- Task goal: Return, word for word, only the lines of the data below that lie between the line with "#186=EDGE_CURVE('E276',#185,#176,#183,.T.);" and the line with "#191=LINE('',#190,#189);", those two lines included.
/---
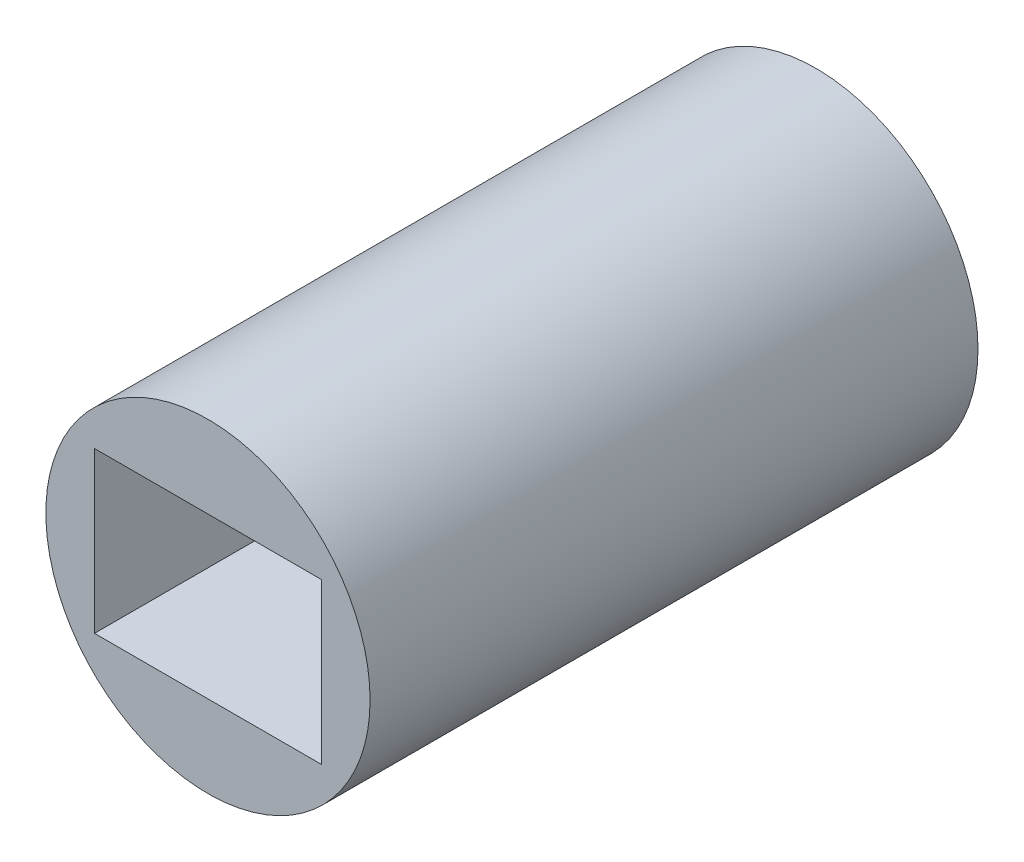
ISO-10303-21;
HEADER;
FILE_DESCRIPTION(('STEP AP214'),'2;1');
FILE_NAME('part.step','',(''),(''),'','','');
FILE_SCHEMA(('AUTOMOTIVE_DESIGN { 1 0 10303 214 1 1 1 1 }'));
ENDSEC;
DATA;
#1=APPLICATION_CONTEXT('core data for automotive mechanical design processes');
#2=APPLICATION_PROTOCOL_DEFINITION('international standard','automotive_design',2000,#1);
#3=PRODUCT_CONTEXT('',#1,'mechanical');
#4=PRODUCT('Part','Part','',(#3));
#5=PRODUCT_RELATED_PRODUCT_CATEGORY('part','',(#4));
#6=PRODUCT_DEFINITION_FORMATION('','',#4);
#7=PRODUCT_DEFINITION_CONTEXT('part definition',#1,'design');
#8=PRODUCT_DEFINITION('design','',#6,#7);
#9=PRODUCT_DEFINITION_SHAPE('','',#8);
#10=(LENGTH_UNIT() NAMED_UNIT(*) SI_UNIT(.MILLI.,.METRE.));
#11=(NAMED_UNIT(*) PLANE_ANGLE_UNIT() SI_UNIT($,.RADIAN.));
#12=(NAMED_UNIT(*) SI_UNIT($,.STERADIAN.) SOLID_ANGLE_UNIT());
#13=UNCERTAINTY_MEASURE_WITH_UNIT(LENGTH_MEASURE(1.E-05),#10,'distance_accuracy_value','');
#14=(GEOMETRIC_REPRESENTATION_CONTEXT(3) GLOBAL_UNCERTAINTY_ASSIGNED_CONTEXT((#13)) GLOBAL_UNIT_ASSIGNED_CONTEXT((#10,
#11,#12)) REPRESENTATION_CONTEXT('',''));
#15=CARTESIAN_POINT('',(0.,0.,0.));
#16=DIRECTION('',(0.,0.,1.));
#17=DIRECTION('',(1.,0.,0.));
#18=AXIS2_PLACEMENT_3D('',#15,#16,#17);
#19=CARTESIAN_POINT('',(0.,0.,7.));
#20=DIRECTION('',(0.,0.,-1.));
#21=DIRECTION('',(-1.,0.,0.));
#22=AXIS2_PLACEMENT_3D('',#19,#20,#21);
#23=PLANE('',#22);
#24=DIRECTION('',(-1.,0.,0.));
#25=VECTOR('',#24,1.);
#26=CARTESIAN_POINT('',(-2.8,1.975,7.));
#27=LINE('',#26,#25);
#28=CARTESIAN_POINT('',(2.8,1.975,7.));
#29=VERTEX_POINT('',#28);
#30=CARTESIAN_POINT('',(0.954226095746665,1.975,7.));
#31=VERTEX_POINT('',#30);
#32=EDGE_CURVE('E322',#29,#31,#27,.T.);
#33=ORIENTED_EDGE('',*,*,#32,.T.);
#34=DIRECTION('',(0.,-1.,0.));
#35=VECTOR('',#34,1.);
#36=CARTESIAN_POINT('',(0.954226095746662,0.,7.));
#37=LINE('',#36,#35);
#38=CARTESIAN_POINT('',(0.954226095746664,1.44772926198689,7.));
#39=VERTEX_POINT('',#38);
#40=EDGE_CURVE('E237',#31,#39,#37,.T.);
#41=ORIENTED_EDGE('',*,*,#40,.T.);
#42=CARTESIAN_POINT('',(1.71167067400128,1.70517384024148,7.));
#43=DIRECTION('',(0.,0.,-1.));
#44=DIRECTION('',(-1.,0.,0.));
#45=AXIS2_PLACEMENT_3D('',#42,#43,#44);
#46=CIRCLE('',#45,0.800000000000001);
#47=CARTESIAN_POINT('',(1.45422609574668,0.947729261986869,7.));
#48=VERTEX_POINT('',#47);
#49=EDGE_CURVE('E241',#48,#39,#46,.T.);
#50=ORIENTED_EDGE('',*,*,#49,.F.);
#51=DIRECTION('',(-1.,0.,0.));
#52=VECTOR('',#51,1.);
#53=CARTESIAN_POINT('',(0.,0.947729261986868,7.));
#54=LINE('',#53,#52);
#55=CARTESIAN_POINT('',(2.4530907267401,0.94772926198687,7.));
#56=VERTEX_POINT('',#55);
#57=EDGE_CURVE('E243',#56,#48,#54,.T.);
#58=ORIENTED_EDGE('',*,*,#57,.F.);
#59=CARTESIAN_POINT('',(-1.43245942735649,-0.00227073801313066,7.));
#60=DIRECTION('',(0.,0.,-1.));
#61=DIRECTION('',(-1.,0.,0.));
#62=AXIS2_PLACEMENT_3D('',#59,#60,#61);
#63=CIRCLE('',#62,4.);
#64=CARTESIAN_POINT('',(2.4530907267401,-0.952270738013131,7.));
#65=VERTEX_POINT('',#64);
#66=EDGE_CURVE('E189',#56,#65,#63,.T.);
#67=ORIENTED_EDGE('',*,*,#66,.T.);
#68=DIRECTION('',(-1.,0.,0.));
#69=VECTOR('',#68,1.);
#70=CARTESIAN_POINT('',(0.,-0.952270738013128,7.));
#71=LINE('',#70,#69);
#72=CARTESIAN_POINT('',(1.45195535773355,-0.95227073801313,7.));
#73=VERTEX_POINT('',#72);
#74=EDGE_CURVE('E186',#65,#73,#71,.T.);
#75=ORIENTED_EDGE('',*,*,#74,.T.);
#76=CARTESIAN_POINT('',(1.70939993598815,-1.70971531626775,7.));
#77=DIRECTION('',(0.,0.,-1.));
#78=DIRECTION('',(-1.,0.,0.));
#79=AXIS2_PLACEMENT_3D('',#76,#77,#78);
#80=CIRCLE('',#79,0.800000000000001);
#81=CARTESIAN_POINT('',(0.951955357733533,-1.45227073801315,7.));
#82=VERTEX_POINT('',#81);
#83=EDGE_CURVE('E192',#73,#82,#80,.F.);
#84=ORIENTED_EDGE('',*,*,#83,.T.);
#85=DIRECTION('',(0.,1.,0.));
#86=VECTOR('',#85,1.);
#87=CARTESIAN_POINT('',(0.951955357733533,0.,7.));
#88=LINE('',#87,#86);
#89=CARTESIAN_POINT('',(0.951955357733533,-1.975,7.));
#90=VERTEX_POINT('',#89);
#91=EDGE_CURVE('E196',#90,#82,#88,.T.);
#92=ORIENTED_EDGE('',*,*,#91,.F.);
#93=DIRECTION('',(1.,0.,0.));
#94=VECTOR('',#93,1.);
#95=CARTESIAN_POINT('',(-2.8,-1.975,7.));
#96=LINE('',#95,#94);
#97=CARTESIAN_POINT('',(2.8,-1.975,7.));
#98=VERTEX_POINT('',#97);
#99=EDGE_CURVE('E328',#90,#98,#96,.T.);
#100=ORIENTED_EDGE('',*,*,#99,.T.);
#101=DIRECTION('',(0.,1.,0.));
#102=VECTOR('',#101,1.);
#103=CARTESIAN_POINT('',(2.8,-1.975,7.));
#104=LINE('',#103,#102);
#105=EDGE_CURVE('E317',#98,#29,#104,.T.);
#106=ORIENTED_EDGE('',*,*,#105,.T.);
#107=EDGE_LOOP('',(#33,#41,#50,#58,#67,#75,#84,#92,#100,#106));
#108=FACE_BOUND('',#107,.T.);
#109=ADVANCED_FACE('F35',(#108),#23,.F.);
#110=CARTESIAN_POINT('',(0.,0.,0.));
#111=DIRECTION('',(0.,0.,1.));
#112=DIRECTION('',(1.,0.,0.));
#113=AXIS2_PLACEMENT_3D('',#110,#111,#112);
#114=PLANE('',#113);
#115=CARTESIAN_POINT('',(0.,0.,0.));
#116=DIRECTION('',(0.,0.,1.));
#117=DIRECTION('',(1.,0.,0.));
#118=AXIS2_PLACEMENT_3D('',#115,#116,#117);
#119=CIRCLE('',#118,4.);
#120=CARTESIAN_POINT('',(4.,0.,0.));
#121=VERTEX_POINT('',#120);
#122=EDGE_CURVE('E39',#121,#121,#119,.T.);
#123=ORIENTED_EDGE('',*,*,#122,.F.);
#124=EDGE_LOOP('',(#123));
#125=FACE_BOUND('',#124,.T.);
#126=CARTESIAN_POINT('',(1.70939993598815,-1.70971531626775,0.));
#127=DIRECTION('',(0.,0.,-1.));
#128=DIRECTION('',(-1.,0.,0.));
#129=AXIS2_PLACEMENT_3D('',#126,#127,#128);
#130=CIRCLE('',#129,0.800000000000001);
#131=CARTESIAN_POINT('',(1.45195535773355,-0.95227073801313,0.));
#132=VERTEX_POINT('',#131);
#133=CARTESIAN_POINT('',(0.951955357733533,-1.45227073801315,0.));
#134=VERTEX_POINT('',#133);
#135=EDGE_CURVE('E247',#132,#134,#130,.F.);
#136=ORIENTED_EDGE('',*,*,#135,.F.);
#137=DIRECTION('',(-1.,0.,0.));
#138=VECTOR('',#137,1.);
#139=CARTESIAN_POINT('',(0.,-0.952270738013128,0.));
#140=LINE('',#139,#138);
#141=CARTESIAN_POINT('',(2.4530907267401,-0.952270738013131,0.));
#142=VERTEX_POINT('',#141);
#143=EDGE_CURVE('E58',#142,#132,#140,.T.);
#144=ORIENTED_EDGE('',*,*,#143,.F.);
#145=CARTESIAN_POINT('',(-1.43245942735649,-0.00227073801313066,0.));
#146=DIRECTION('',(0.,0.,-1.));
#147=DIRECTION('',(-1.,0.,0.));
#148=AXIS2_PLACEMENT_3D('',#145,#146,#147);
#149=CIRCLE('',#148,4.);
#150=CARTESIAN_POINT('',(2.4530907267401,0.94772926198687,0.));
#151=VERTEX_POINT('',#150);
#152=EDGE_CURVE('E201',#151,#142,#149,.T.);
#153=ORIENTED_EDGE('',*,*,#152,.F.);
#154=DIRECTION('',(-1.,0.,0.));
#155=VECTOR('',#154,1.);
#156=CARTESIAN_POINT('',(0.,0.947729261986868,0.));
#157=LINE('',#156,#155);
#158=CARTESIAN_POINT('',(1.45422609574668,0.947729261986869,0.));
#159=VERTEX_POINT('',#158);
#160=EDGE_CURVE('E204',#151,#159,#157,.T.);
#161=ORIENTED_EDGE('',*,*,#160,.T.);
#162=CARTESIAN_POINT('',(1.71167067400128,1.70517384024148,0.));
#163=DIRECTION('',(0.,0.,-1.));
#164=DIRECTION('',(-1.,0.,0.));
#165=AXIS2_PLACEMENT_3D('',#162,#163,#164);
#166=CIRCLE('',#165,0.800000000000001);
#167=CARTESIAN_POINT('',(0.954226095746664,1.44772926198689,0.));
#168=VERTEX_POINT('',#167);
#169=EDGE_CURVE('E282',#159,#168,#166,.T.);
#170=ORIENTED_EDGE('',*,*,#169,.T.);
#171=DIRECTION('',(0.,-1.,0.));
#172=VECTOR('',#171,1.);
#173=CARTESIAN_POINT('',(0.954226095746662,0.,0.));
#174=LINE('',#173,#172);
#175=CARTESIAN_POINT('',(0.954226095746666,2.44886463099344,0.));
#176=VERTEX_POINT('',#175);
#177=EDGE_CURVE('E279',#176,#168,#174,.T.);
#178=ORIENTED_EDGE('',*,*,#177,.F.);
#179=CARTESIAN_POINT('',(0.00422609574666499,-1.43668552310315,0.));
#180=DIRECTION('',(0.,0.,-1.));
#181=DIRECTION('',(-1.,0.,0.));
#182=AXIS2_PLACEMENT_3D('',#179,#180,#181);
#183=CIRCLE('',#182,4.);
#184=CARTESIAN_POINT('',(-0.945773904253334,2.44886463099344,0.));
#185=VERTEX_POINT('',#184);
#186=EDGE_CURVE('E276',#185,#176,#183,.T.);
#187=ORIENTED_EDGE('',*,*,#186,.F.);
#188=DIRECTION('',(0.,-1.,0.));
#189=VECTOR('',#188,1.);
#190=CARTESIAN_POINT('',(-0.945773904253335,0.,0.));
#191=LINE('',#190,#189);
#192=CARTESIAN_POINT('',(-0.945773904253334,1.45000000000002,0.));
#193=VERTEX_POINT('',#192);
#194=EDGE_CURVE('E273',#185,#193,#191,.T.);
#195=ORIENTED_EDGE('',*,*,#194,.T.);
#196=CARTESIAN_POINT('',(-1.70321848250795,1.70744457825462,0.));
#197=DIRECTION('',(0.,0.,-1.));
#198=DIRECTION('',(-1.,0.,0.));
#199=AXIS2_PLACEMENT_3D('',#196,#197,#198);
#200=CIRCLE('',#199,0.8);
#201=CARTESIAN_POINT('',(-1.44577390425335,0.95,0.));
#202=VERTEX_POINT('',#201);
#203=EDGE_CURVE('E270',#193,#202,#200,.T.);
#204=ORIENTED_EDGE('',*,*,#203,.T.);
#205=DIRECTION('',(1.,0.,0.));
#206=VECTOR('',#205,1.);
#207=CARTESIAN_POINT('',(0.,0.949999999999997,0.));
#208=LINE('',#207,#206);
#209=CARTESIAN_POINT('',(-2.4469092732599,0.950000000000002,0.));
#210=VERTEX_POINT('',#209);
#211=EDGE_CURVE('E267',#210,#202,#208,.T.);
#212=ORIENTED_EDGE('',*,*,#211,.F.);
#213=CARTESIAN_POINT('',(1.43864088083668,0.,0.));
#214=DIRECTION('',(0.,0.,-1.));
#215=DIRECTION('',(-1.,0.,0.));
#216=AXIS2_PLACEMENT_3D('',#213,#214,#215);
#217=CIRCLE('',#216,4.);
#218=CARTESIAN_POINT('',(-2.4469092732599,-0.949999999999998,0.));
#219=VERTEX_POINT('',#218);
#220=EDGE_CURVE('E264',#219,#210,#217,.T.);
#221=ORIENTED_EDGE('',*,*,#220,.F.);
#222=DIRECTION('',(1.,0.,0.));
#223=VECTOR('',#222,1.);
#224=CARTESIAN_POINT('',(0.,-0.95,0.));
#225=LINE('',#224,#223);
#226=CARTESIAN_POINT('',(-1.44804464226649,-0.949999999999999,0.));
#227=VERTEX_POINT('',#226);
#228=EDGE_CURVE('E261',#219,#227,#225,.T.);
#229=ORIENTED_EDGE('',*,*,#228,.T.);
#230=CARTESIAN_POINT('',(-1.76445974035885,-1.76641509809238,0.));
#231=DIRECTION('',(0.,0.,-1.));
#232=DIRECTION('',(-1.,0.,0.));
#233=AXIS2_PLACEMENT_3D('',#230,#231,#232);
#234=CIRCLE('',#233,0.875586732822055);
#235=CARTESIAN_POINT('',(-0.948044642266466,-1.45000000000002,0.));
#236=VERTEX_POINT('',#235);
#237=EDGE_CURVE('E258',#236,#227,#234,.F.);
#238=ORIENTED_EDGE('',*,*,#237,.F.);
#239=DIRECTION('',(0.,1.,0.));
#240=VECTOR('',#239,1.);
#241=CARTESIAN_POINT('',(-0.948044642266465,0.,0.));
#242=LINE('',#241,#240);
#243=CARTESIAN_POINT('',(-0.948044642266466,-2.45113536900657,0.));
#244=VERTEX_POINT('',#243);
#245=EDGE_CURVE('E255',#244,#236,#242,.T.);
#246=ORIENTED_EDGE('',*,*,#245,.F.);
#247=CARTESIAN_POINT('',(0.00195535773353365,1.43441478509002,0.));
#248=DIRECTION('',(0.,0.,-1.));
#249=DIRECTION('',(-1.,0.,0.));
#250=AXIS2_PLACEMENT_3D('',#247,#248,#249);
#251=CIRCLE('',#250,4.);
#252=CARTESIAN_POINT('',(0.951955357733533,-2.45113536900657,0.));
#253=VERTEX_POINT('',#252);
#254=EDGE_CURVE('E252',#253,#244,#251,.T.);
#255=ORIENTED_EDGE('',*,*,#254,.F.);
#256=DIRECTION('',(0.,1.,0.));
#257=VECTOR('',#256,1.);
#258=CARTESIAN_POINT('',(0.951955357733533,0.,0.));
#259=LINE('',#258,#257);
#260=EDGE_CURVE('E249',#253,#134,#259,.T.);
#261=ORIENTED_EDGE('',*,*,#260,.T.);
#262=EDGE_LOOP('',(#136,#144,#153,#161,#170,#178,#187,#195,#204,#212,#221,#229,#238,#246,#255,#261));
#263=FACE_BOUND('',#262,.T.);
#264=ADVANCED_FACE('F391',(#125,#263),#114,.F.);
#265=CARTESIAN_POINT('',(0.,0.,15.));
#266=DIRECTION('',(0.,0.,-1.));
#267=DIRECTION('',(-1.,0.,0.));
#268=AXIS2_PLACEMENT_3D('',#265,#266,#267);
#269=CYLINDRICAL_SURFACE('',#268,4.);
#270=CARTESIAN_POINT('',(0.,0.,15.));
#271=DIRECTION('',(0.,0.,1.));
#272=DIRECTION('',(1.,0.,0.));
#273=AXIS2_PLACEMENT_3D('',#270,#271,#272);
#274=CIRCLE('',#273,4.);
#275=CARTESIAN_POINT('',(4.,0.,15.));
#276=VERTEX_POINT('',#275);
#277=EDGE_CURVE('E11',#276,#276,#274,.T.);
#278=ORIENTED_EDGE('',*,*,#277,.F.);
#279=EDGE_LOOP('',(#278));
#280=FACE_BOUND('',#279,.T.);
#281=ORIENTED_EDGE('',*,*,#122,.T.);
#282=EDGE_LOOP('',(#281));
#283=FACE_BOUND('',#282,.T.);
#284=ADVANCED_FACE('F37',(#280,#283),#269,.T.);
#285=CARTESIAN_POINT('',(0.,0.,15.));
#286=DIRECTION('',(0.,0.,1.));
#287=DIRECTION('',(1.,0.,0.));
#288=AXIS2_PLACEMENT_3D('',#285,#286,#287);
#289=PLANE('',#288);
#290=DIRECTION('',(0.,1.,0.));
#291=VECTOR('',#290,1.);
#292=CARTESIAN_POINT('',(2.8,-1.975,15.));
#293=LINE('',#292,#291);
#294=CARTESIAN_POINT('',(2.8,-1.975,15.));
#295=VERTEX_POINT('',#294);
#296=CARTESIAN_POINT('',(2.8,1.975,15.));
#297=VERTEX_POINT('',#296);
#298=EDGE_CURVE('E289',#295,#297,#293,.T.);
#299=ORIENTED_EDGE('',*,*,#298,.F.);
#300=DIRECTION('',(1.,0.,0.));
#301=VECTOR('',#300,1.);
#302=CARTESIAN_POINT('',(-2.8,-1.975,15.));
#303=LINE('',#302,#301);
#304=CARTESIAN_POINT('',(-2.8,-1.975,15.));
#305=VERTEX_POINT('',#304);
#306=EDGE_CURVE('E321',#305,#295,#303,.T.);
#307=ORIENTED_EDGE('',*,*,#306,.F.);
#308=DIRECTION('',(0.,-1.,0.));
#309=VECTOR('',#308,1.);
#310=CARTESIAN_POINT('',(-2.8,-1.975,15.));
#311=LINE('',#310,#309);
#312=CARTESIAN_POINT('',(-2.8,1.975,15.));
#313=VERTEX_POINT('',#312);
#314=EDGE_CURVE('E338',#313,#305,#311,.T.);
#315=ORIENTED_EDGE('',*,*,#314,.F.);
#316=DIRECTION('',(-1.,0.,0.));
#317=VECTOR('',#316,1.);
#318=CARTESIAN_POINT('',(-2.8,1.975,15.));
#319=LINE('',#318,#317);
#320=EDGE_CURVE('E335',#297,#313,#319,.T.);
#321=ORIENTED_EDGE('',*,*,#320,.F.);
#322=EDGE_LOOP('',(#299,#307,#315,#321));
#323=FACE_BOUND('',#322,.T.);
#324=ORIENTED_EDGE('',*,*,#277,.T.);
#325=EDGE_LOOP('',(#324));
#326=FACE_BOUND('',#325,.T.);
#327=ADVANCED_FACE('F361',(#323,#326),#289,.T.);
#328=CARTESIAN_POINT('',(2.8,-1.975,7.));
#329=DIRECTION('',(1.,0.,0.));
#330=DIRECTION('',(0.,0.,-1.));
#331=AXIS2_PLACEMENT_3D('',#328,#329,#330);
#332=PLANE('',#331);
\---
- Reply:
#186=EDGE_CURVE('E276',#185,#176,#183,.T.);
#187=ORIENTED_EDGE('',*,*,#186,.F.);
#188=DIRECTION('',(0.,-1.,0.));
#189=VECTOR('',#188,1.);
#190=CARTESIAN_POINT('',(-0.945773904253335,0.,0.));
#191=LINE('',#190,#189);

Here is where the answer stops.